Madem bu padişah Allahın halis kullarından birisiydi neden hanedanı son buldu, kendisi yurt dışına kaçmak zorunda kaldı?
Aklıma bir sürü soru takılıyor?
Allah yanıldı mı?
İlahi adalet nerede ve ne zaman tecelli etti?
İşte bunun gibi bir sürü saçmalık.
Saçmalıkla lafa başlayınca doğal olarak lafın devamı da saçmalıkla devam ediyor.
Kusura bakmayın.
Oraj POYRAZ
Kırım'ı kaybettiren Şahin Giray mezarında bile rahat etmemişti
Kırım'ın Ukrayna'ya mı yoksa Rusya'ya mı bağlanması gerektiği tartışılıyor.
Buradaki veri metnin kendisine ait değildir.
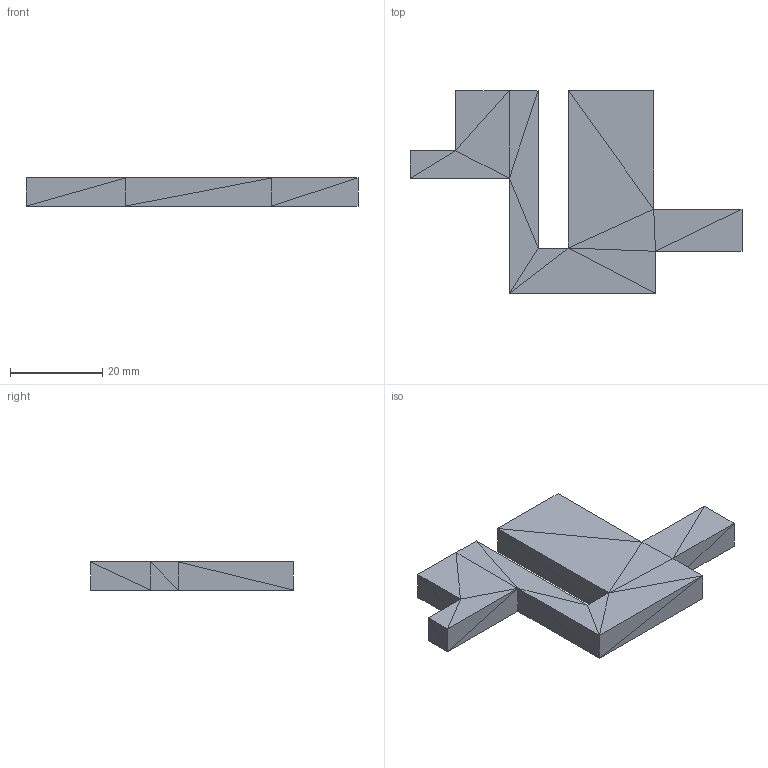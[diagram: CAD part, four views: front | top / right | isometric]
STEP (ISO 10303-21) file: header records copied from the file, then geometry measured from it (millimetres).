
FILE_DESCRIPTION(('FreeCAD Model'),'2;1');
FILE_NAME('Open CASCADE Shape Model','2021-09-30T12:00:38',('Author'),( ''),'Open CASCADE STEP processor 7.4','FreeCAD','Unknown');
FILE_SCHEMA(('AUTOMOTIVE_DESIGN { 1 0 10303 214 1 1 1 1 }'));
Length unit declared in the file: millimetre
Products named in the file (1): Trigger_Middle001_(Solid)
Bounding box: 72.14 x 44.07 x 6.1 mm (x, y, z)
Volume: 9860.3 mm3; surface area: 5068.3 mm2
Topology: 1 solids, 1 shells, 68 faces, 102 edges, 36 vertices
Faces by surface type: plane 68
Entity records: 2584 total; most frequent: CARTESIAN_POINT 513, DIRECTION 342, ORIENTED_EDGE 204, LINE 204, VECTOR 204, PCURVE 204, DEFINITIONAL_REPRESENTATION 204, EDGE_CURVE 102

Sayıları birkaç yüz bini bulan Kırım Tatarları ise çırpınıp duruyorlar.
Hâlbuki Kırım, asırlarca Müslüman hakimiyetinde kalan bir yerdi.
Kırım'ın elimizden çıkmasına sebep olan Şahin Giray üzerine Feridun Emecen, Fikret Sarıcaoğlu, Şühre Akay ve Uğur Demir'in yazıları vardır.
Bu araştırmalara göre Şahin Giray'ın ihaneti ve sonu şu şekilde olmuştu.
Rus taraftarı han
1768-1774 Osmanlı-Rus savaşı bir felaketle sonuçlanmış, Kırım bağımsız olmuştu.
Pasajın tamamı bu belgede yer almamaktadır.